If the goal is to be able to release this feature and others like it without waiting for the Rust tokenizer to have it too, wouldn't it make more sense to implement a switch in json-stream's tokenizer selection logic that looks at whether buffering or strings_as_files were requested? Right now, default_tokenizer is just set to one of the two tokenizers, but an alternative idea would be to make default_tokenizer itself a function that decides based on the supplied arguments which tokenizer to return. Then once the features have been implemented in the Rust tokenizer, the selection logic can change accordingly.
Oh, absolutely! That's a great plan.
I was thinking about this a bit further, and thought that maybe it should be up to the version of the rust tokenizer to decide if is supports x or y.
Perhaps rust_tokenizer_or_raise() could take a list of feature flags, and only return a tokenizer if it supports all the flags?
That way the python code doesn't need to understand the state of the rust tokenizer's feature support at all, especially if for example a person doesn't have the latest version?
@daggaz Sure, that's not a problem from my end, and I can see the advantage that it won't require updates to json-stream which only bump the version of the dependency to json-stream-rs-tokenizer and change the selection logic. But the disadvantage is that then you always have to wait for me to add such flags to rust_tokenizer_or_raise when you introduce a new feature that I'm lagging behind on, whereas if it's all decided on the json-stream end, you can do what you want.

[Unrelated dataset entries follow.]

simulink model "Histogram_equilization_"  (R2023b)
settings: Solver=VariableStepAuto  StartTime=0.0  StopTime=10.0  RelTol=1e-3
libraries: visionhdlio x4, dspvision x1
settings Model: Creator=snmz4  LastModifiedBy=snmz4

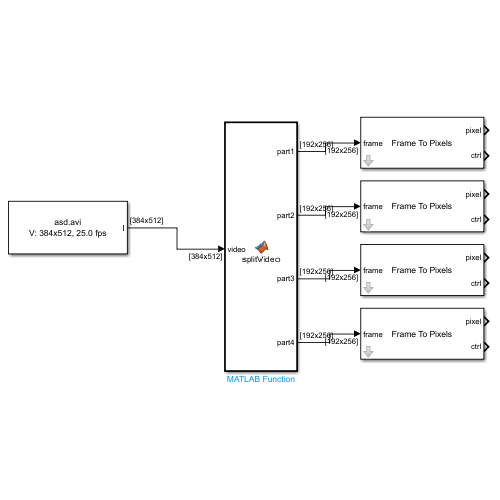
[thumbnail: Simulink's stored preview of the top-level diagram]
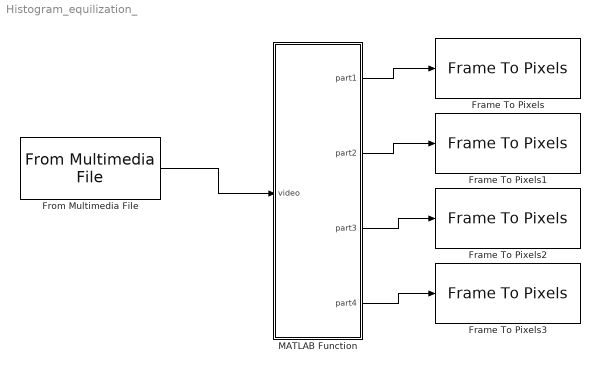
== system Histogram_equilization_ ==
  Frame To Pixels : visionhdlio/Frame To Pixels  NumComponents=1  NumPixels=8  VideoFormat=1080p  ActivePixelsPerLine=1920  ActiveVideoLines=1080  TotalPixelsPerLine=2200  TotalVideoLines=1125  StartingActiveLine=42  FrontPorch=88  SampleTime=0  VideoFormatCache=1080p  ActivePixelsPerLineCache=32  ActiveVideoLinesCache=18  TotalPixelsPerLineCache=42  TotalVideoLinesCache=28  StartingActiveLineCache=6  FrontPorchCache=5
  Frame To Pixels1 : visionhdlio/Frame To Pixels  NumComponents=1  NumPixels=8  VideoFormat=1080p  ActivePixelsPerLine=1920  ActiveVideoLines=1080  TotalPixelsPerLine=2200  TotalVideoLines=1125  StartingActiveLine=42  FrontPorch=88  SampleTime=0  VideoFormatCache=1080p  ActivePixelsPerLineCache=32  ActiveVideoLinesCache=18  TotalPixelsPerLineCache=42  TotalVideoLinesCache=28  StartingActiveLineCache=6  FrontPorchCache=5
  Frame To Pixels2 : visionhdlio/Frame To Pixels  NumComponents=1  NumPixels=8  VideoFormat=240p  ActivePixelsPerLine=320  ActiveVideoLines=240  TotalPixelsPerLine=402  TotalVideoLines=324  StartingActiveLine=1  FrontPorch=44  SampleTime=0  VideoFormatCache=240p  ActivePixelsPerLineCache=32  ActiveVideoLinesCache=18  TotalPixelsPerLineCache=42  TotalVideoLinesCache=28  StartingActiveLineCache=6  FrontPorchCache=5
  Frame To Pixels3 : visionhdlio/Frame To Pixels  NumComponents=1  NumPixels=8  VideoFormat=1080p  ActivePixelsPerLine=1920  ActiveVideoLines=1080  TotalPixelsPerLine=2200  TotalVideoLines=1125  StartingActiveLine=42  FrontPorch=88  SampleTime=0  VideoFormatCache=1080p  ActivePixelsPerLineCache=32  ActiveVideoLinesCache=18  TotalPixelsPerLineCache=42  TotalVideoLinesCache=28  StartingActiveLineCache=6  FrontPorchCache=5
  From Multimedia File : dspvision/From Multimedia File  inputFilename=C:\Users\snmz4\Downloads\asd.avi  readRange=[1 Inf]  loop=on  numPlays=inf  outputStreams=Video only  videoDataType=double  audioDataType=int16  inheritSampleTime=on  userDefinedSampleTime=1/30  noAudioOutput=off  isIntensityVideo=off  fourcc=Intensity  colorVideoFormat=One multidimensional signal  outputEOF=off  dataOrg=Column-major  audioFrameSize=1024  computeAudioFrameSize=off  outSamplingMode=Sample based
      settings: LibrarySourceBlock=visionsources/From Multimedia File
  MATLAB Function : MATLAB Function  TreatAsAtomicUnit=on
  wires:
  MATLAB Function/1(part1) -> Frame To Pixels/1
  MATLAB Function/2(part2) -> Frame To Pixels1/1
  MATLAB Function/3(part3) -> Frame To Pixels2/1
  MATLAB Function/4(part4) -> Frame To Pixels3/1
  From Multimedia File/1 -> MATLAB Function/1(video)

== matlab function Histogram_equilization_/MATLAB Function ==
  data: video input; part1 output; part2 output; part3 output; part4 output
function [part1, part2, part3, part4] = splitVideo(video)
    % Girişlerin boyutlarını ve türlerini al
    [rows, cols, ~] = size(video);
    
    % Görüntüyü dört eşit parçaya böl
    rows_half = floor(rows / 2);
    cols_half = floor(cols / 2);
    
    % Girişin ilk yarısını parçalara ata
    part1 = video(1:rows_half, 1:cols_half, :);
    part2 = video(1:rows_half, cols_half+1:end, :);
    part3 = video(rows_half+1:end, 1:cols_half, :);
    part4 = video(rows_half+1:end, cols_half+1:end, :);
end

But I guess it's not that imporant since such cases will probably be rare in the future so I'll just merge it for now unless you have other suggestions for what the API of that call should look like?
Ah, no, that's not quite what I meant, I mean that you take the list of requested feature flags (or just the kwargs that control them) and raise if there are any you don't support/understand.
This also means that you could support things ahead of the python tokenizer.
Ohh I see, that makes more sense :+1: I've updated the PR
My changes to run all the tests with both tokenizers has highlighted a bug with this PR.
Working on a fix!
@daggaz sorry for the tag, but I need this feature, for now my workaround is splitting my strings in a list.